Pollen tubes and root hairs grow by a highly focused deposition of new wall and membrane materials at their growing apex. Comparison of the machinery that localises such growth between these cell types has revealed common components, providing important insight into how plant cells control cell expansion. Such elements include the small GTPases (e.g. ROPs and RABs), gradients and intricate spatial patterning in the fluxes of ions (e.g. Ca
2+
and H
+
) and partitioning of membrane lipids (such as the phosphoinositides). These regulators are coupled to focused action of the secretory machinery (e.g. the exocyst) and cytoskeletal dynamics, with integral roles emerging for actin, tubulin and their associated motor proteins. These components form an integrated regulatory network that imposes robust spatial localisation of the growth machinery and so supports the production of an elongating tube‐like growth form where cell expansion is limited to the very apex, that is, tip growth.
Key Concepts
Tip growth represents the focused expansion of plant cells, such as root hairs and pollen tubes, localised to the apex of an elongating, tube‐like growth form.
Expansion is limited to where the tip cell wall yields to internal turgor pressure.
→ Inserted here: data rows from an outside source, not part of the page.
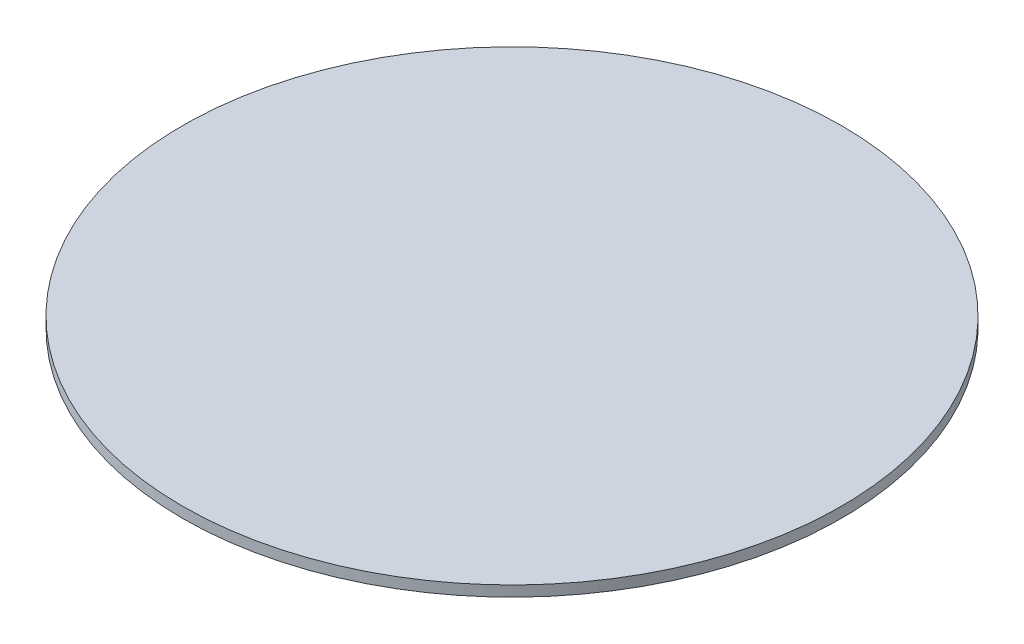
ISO-10303-21;
HEADER;
FILE_DESCRIPTION(('STEP AP214'),'2;1');
FILE_NAME('part.step','',(''),(''),'','','');
FILE_SCHEMA(('AUTOMOTIVE_DESIGN { 1 0 10303 214 1 1 1 1 }'));
ENDSEC;
DATA;
#1=APPLICATION_CONTEXT('core data for automotive mechanical design processes');
#2=APPLICATION_PROTOCOL_DEFINITION('international standard','automotive_design',2000,#1);
#3=PRODUCT_CONTEXT('',#1,'mechanical');
#4=PRODUCT('Part','Part','',(#3));
#5=PRODUCT_RELATED_PRODUCT_CATEGORY('part','',(#4));
#6=PRODUCT_DEFINITION_FORMATION('','',#4);
#7=PRODUCT_DEFINITION_CONTEXT('part definition',#1,'design');
#8=PRODUCT_DEFINITION('design','',#6,#7);
#9=PRODUCT_DEFINITION_SHAPE('','',#8);
#10=(LENGTH_UNIT() NAMED_UNIT(*) SI_UNIT(.MILLI.,.METRE.));
#11=(NAMED_UNIT(*) PLANE_ANGLE_UNIT() SI_UNIT($,.RADIAN.));
#12=(NAMED_UNIT(*) SI_UNIT($,.STERADIAN.) SOLID_ANGLE_UNIT());
#13=UNCERTAINTY_MEASURE_WITH_UNIT(LENGTH_MEASURE(1.E-05),#10,'distance_accuracy_value','');
#14=(GEOMETRIC_REPRESENTATION_CONTEXT(3) GLOBAL_UNCERTAINTY_ASSIGNED_CONTEXT((#13)) GLOBAL_UNIT_ASSIGNED_CONTEXT((#10,
#11,#12)) REPRESENTATION_CONTEXT('',''));
#15=CARTESIAN_POINT('',(0.,0.,0.));
#16=DIRECTION('',(0.,0.,1.));
#17=DIRECTION('',(1.,0.,0.));
#18=AXIS2_PLACEMENT_3D('',#15,#16,#17);
#19=CARTESIAN_POINT('',(0.,0.3,0.));
#20=DIRECTION('',(0.,-1.,0.));
#21=DIRECTION('',(0.,0.,-1.));
#22=AXIS2_PLACEMENT_3D('',#19,#20,#21);
#23=CYLINDRICAL_SURFACE('',#22,9.35);
#24=CARTESIAN_POINT('',(0.,0.3,0.));
#25=DIRECTION('',(0.,1.,0.));
#26=DIRECTION('',(0.,0.,1.));
#27=AXIS2_PLACEMENT_3D('',#24,#25,#26);
#28=CIRCLE('',#27,9.35);
#29=CARTESIAN_POINT('',(0.,0.3,9.35));
#30=VERTEX_POINT('',#29);
#31=EDGE_CURVE('E10',#30,#30,#28,.T.);
#32=ORIENTED_EDGE('',*,*,#31,.F.);
#33=EDGE_LOOP('',(#32));
#34=FACE_BOUND('',#33,.T.);
#35=CARTESIAN_POINT('',(0.,0.,0.));
#36=DIRECTION('',(0.,1.,0.));
#37=DIRECTION('',(0.,0.,1.));
#38=AXIS2_PLACEMENT_3D('',#35,#36,#37);
#39=CIRCLE('',#38,9.35);
#40=CARTESIAN_POINT('',(0.,0.,9.35));
#41=VERTEX_POINT('',#40);
#42=EDGE_CURVE('E40',#41,#41,#39,.T.);
#43=ORIENTED_EDGE('',*,*,#42,.T.);
#44=EDGE_LOOP('',(#43));
#45=FACE_BOUND('',#44,.T.);
#46=ADVANCED_FACE('F37',(#34,#45),#23,.T.);
#47=CARTESIAN_POINT('',(0.,0.3,0.));
#48=DIRECTION('',(0.,1.,0.));
#49=DIRECTION('',(0.,0.,1.));
#50=AXIS2_PLACEMENT_3D('',#47,#48,#49);
#51=PLANE('',#50);
#52=ORIENTED_EDGE('',*,*,#31,.T.);
#53=EDGE_LOOP('',(#52));
#54=FACE_BOUND('',#53,.T.);
#55=ADVANCED_FACE('F54',(#54),#51,.T.);
#56=CARTESIAN_POINT('',(0.,0.,0.));
#57=DIRECTION('',(0.,1.,0.));
#58=DIRECTION('',(0.,0.,1.));
#59=AXIS2_PLACEMENT_3D('',#56,#57,#58);
#60=PLANE('',#59);
#61=ORIENTED_EDGE('',*,*,#42,.F.);
#62=EDGE_LOOP('',(#61));
#63=FACE_BOUND('',#62,.T.);
#64=ADVANCED_FACE('F52',(#63),#60,.F.);
#65=CLOSED_SHELL('',(#46,#55,#64));
#66=MANIFOLD_SOLID_BREP('B2',#65);
#67=ADVANCED_BREP_SHAPE_REPRESENTATION('',(#18,#66),#14);
#68=SHAPE_DEFINITION_REPRESENTATION(#9,#67);
ENDSEC;
END-ISO-10303-21;

Maintained growth requires the focused delivery of cell wall and membrane materials to the growing apex, while strengthening the sides of the tube to resist further expansion.
A network of cellular regulators combine to focus the activity of the growth machinery to the growing tip.
Localised action of components such as small GTPases, gradients of ions, the cytoskeleton and maintenance of specialised regions of membrane composition interact to provide the spatial information that limits the activity of the secretory machinery to the very tip of the cell.